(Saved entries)
────────────────

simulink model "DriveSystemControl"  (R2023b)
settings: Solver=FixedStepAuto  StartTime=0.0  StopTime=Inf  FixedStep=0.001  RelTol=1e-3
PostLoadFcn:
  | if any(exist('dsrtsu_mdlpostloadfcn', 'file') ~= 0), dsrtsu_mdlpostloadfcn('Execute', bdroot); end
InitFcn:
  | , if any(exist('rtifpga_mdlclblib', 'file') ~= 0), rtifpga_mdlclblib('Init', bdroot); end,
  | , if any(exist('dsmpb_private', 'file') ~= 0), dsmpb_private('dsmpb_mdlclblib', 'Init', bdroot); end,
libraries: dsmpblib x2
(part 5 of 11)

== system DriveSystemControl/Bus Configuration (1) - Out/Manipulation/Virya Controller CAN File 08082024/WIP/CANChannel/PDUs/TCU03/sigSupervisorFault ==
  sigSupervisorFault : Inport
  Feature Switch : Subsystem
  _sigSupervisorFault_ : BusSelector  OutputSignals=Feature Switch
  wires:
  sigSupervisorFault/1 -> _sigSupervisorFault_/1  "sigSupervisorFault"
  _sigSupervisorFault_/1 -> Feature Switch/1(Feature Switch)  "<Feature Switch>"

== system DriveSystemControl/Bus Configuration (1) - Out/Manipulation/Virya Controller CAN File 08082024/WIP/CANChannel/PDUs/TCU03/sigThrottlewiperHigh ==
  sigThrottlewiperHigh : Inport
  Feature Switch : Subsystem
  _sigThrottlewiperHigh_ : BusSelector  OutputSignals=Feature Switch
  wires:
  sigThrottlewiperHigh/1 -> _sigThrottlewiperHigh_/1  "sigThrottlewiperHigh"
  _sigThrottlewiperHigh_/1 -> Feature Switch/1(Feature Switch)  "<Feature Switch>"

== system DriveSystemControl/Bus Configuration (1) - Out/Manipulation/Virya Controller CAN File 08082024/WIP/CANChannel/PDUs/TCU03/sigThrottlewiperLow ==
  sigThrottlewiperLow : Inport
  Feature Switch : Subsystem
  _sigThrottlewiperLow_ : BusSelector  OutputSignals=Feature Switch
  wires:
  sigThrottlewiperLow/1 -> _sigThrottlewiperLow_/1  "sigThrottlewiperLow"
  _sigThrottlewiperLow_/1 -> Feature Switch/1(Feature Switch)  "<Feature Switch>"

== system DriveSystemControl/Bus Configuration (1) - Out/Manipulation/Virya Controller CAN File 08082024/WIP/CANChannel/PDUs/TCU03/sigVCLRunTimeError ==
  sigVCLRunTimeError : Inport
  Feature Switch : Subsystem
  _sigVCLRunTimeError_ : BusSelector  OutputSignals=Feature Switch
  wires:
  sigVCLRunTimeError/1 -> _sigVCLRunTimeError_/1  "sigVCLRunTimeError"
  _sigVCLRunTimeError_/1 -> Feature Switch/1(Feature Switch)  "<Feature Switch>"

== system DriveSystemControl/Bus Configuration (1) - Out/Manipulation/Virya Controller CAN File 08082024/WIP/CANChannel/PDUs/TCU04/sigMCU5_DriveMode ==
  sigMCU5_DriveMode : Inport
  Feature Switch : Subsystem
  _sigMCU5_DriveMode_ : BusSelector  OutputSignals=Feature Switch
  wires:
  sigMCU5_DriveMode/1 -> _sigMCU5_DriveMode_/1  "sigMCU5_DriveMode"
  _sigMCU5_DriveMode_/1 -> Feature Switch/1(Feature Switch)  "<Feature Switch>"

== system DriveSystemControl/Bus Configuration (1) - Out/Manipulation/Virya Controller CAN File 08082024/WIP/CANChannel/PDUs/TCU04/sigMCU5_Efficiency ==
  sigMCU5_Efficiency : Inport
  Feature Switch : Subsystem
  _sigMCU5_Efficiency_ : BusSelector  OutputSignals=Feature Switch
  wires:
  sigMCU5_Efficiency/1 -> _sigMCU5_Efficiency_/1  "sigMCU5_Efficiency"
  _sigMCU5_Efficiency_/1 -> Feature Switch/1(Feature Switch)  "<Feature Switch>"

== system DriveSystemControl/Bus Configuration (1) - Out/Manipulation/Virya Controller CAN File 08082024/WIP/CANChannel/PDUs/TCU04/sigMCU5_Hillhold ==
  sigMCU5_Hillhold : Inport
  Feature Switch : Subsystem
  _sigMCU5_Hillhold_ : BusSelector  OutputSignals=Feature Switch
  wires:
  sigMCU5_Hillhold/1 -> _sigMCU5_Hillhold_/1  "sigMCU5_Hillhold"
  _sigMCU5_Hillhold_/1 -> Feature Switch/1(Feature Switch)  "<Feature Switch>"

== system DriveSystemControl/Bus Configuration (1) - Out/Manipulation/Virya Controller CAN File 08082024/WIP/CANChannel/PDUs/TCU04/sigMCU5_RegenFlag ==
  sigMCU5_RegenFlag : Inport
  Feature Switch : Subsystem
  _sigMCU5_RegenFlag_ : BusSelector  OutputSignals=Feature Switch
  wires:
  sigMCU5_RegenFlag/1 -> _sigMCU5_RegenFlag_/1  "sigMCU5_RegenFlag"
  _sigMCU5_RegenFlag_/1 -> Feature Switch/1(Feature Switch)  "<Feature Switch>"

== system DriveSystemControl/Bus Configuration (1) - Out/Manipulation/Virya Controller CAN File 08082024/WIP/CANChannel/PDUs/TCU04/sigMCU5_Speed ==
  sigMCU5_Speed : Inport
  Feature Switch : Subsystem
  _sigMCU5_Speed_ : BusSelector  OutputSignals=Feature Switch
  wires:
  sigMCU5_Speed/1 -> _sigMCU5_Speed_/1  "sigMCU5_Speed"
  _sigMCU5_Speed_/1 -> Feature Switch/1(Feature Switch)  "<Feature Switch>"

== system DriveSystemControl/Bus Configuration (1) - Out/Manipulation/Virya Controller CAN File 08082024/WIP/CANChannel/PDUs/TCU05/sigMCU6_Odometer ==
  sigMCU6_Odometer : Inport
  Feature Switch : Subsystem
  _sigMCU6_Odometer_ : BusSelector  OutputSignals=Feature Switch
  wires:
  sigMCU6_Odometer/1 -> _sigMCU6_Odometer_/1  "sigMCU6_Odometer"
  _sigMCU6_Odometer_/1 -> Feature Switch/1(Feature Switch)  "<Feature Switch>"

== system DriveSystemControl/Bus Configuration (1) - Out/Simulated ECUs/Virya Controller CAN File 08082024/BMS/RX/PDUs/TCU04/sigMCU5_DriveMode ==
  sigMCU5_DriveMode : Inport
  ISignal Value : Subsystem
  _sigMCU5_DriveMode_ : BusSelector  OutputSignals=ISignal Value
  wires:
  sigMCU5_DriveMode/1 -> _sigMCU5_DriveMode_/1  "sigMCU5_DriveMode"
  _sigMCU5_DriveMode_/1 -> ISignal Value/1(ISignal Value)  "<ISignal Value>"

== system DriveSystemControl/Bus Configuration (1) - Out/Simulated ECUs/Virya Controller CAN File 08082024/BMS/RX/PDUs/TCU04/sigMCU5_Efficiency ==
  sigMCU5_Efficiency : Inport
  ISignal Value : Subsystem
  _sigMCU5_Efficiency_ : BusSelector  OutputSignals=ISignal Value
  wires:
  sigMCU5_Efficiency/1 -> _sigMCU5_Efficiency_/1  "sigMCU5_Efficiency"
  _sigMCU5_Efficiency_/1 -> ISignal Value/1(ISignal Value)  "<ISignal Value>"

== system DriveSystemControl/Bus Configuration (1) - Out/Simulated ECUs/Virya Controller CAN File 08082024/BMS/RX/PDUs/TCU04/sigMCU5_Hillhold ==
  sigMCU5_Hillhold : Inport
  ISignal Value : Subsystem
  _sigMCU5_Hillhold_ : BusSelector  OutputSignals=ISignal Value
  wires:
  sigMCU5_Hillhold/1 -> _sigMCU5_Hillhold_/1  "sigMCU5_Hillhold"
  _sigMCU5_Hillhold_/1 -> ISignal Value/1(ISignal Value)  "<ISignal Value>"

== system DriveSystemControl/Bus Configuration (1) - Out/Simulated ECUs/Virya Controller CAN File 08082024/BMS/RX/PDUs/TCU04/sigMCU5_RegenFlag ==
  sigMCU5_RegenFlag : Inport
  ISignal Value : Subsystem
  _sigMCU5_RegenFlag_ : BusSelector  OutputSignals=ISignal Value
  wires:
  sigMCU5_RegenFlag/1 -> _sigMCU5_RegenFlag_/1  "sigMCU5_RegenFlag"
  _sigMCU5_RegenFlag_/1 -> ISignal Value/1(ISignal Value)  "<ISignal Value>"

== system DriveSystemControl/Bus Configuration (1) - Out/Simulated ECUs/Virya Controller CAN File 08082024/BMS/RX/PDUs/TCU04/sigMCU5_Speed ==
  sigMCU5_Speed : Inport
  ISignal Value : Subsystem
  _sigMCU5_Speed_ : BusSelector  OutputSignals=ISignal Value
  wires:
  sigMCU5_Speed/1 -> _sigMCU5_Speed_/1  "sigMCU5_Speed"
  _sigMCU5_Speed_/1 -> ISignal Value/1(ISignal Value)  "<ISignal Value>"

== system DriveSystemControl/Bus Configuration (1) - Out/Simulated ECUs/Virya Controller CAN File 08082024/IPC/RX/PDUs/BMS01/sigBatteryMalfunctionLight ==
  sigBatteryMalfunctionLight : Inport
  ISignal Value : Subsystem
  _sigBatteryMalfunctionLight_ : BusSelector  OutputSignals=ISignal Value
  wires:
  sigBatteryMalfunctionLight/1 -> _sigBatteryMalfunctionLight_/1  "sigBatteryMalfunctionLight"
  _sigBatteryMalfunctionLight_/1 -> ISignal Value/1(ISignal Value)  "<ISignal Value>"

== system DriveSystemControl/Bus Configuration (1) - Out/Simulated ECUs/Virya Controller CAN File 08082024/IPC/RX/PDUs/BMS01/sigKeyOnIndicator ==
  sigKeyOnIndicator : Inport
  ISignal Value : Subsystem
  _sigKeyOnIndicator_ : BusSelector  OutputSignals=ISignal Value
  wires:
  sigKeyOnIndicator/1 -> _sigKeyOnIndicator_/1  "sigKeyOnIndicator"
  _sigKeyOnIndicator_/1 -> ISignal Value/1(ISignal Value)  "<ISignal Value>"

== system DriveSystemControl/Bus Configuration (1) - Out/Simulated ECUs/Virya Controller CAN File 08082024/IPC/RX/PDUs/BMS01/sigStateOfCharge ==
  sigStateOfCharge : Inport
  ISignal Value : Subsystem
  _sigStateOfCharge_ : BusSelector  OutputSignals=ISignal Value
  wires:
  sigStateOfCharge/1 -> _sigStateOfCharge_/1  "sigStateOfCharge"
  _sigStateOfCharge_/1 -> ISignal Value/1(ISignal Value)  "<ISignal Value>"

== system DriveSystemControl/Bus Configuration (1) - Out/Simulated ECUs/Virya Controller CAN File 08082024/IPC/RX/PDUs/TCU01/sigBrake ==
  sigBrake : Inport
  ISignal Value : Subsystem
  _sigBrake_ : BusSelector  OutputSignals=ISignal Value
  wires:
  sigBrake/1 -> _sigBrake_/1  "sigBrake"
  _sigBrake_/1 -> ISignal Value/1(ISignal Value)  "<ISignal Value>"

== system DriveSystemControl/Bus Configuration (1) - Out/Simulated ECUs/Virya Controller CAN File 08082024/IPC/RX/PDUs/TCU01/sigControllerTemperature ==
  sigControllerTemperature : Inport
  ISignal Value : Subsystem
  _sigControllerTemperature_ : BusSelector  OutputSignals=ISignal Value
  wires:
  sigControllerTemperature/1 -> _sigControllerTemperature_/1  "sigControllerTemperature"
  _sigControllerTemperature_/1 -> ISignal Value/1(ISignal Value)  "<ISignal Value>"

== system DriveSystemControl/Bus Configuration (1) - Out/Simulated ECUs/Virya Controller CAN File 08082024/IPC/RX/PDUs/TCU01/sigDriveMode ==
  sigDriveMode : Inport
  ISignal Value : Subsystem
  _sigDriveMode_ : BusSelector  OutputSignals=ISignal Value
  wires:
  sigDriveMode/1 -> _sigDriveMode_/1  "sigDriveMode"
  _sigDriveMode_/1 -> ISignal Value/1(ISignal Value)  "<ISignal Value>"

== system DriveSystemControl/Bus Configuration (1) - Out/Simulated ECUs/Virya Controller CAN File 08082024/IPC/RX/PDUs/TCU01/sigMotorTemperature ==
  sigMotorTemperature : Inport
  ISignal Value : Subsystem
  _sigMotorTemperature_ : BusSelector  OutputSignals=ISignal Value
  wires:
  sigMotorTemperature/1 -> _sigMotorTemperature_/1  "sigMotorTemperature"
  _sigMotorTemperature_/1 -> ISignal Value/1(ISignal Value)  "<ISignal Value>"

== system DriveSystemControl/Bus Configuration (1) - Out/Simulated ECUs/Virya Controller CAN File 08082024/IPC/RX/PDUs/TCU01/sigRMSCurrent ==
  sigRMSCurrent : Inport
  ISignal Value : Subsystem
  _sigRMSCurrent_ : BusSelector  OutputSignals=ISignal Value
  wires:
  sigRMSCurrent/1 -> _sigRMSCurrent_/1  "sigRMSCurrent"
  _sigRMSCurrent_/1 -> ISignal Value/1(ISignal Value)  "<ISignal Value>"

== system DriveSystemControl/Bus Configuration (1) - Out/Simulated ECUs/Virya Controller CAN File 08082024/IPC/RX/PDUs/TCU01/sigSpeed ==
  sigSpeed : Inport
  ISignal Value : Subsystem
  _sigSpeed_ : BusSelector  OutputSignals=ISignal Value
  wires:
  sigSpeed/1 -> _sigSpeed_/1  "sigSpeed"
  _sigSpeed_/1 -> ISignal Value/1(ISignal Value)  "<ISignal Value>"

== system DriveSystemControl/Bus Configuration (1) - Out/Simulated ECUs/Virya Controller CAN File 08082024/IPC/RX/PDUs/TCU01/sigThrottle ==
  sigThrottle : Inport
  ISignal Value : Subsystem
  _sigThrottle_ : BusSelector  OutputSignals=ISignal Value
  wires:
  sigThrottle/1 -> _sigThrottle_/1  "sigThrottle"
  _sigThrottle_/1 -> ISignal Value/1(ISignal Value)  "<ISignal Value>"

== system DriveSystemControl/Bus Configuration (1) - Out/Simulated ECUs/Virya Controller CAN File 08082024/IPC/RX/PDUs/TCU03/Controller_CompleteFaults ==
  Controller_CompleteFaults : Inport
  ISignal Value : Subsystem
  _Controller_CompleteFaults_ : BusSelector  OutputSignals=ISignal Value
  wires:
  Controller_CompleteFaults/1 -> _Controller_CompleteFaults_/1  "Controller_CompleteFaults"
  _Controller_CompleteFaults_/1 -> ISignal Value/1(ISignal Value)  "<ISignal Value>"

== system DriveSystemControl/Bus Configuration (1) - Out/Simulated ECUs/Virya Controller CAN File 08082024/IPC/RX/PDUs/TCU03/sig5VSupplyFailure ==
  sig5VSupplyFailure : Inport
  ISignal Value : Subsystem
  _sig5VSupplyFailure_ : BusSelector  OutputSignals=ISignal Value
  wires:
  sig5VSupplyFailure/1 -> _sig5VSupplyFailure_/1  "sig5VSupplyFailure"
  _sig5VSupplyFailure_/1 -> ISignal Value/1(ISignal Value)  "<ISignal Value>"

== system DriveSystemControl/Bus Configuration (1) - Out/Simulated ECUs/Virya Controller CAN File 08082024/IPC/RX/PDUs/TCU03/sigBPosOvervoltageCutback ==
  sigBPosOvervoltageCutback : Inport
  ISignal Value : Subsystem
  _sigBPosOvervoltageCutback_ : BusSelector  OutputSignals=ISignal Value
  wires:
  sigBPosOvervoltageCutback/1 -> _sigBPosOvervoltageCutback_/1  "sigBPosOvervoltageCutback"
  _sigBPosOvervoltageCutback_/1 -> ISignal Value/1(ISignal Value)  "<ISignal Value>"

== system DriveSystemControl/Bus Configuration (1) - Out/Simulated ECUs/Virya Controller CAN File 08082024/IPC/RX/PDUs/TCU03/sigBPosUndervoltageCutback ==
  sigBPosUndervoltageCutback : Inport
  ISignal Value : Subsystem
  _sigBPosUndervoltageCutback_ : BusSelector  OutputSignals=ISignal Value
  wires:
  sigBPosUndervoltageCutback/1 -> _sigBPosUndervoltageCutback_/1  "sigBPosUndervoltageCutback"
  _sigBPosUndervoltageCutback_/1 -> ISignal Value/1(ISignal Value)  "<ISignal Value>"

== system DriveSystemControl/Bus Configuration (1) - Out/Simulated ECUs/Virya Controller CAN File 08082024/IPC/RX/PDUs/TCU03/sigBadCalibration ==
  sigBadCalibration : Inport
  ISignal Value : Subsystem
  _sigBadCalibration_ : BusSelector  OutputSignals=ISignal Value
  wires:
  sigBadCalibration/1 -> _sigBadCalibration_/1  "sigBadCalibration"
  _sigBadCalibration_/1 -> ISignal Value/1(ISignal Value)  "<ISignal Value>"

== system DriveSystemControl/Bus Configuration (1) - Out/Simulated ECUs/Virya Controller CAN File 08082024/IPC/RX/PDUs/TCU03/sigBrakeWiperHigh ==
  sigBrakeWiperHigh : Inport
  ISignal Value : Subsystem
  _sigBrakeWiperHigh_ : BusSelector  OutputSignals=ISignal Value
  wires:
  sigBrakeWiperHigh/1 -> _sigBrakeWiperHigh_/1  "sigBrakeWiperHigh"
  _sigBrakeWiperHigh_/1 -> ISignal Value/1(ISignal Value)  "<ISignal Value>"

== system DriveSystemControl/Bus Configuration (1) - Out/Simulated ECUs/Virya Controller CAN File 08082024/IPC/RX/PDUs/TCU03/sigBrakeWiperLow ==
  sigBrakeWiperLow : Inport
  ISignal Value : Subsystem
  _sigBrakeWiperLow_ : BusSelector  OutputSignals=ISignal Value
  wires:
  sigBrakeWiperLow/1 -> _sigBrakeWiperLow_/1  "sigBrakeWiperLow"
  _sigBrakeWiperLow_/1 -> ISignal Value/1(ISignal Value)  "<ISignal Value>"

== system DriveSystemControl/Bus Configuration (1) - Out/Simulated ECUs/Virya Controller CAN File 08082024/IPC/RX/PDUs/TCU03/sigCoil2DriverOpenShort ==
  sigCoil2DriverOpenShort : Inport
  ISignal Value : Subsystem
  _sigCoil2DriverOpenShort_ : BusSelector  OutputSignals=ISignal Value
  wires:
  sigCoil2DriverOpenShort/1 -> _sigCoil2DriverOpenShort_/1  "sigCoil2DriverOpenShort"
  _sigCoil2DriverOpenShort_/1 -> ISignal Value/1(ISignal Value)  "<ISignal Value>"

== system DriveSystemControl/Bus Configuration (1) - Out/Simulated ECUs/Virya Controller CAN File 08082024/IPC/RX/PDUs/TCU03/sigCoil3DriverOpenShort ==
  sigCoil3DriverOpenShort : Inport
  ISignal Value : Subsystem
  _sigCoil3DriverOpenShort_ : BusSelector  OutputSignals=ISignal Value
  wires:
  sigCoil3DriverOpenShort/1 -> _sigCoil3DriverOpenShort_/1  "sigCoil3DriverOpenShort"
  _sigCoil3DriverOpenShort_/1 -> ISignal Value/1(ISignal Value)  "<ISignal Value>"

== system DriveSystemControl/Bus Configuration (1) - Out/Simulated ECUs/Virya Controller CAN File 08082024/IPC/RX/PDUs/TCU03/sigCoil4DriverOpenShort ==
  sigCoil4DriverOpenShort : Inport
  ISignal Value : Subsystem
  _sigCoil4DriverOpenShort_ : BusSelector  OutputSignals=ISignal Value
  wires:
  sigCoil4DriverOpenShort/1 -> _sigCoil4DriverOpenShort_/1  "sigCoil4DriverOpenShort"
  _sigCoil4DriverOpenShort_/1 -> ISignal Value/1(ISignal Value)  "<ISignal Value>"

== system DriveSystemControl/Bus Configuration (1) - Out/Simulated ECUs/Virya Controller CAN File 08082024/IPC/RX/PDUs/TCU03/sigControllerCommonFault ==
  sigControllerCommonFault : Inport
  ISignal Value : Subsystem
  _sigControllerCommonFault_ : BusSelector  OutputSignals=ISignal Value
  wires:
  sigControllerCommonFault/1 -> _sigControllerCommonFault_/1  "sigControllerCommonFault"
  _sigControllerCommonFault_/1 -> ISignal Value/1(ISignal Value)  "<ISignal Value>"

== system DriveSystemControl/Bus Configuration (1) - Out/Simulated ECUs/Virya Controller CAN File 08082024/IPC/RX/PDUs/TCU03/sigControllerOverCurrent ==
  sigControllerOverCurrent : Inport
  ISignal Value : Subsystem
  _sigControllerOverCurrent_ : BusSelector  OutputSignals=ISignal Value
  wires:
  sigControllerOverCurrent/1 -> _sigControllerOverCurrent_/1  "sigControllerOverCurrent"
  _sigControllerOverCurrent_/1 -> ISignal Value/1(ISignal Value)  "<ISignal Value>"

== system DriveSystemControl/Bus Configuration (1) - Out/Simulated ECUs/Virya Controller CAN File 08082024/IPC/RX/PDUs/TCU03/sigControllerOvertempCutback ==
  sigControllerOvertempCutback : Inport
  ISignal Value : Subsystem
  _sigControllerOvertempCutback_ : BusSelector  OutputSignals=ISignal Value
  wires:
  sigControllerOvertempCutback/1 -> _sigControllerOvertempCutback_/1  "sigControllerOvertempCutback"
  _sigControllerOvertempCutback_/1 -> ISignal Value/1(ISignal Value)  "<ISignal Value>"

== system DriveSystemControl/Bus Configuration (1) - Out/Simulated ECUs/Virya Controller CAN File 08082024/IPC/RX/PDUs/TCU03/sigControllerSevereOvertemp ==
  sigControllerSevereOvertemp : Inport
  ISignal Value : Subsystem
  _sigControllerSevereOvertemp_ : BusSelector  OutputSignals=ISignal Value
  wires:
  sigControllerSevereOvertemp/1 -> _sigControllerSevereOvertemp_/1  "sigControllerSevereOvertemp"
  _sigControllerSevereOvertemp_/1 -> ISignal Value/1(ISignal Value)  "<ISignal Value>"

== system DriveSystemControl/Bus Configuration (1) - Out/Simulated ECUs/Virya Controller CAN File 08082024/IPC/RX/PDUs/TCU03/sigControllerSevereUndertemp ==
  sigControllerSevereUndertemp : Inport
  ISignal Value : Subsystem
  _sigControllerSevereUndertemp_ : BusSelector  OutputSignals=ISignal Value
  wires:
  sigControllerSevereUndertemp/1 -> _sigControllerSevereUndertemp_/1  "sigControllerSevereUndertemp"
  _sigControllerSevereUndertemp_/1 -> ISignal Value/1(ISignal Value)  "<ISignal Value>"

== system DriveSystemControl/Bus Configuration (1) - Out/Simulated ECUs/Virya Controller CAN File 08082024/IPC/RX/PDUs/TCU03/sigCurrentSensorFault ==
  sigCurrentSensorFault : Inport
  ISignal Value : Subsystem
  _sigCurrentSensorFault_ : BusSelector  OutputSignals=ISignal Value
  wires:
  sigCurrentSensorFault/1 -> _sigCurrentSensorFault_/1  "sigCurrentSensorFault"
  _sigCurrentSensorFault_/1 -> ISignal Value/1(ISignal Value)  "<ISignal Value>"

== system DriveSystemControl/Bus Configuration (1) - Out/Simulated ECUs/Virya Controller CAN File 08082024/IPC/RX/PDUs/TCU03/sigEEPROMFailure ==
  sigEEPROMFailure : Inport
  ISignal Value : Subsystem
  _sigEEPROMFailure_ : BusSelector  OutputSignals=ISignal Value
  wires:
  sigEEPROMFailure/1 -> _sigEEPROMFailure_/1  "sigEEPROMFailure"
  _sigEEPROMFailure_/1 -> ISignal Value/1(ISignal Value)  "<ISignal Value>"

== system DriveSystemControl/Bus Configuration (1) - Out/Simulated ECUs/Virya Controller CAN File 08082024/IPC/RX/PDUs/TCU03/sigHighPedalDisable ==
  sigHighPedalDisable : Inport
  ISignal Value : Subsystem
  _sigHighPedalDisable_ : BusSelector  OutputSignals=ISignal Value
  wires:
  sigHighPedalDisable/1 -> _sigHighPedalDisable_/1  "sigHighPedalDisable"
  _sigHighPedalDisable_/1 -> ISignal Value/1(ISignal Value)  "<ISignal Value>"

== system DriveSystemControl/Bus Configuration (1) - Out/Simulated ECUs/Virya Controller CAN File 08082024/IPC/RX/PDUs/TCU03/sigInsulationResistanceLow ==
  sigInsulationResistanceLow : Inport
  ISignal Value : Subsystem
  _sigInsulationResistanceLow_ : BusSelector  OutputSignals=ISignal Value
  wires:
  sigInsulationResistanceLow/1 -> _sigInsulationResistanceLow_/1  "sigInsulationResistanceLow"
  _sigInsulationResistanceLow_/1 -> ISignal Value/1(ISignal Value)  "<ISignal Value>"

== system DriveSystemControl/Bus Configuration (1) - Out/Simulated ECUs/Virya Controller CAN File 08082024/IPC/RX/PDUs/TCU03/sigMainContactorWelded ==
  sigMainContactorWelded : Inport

────────────────

ABOUT THIS TASK >> Only lines that include "exist" belong in the answer; return them from the entries above.

RESULT >>
  | if any(exist('dsrtsu_mdlpostloadfcn', 'file') ~= 0), dsrtsu_mdlpostloadfcn('Execute', bdroot); end
  | , if any(exist('rtifpga_mdlclblib', 'file') ~= 0), rtifpga_mdlclblib('Init', bdroot); end,
  | , if any(exist('dsmpb_private', 'file') ~= 0), dsmpb_private('dsmpb_mdlclblib', 'Init', bdroot); end,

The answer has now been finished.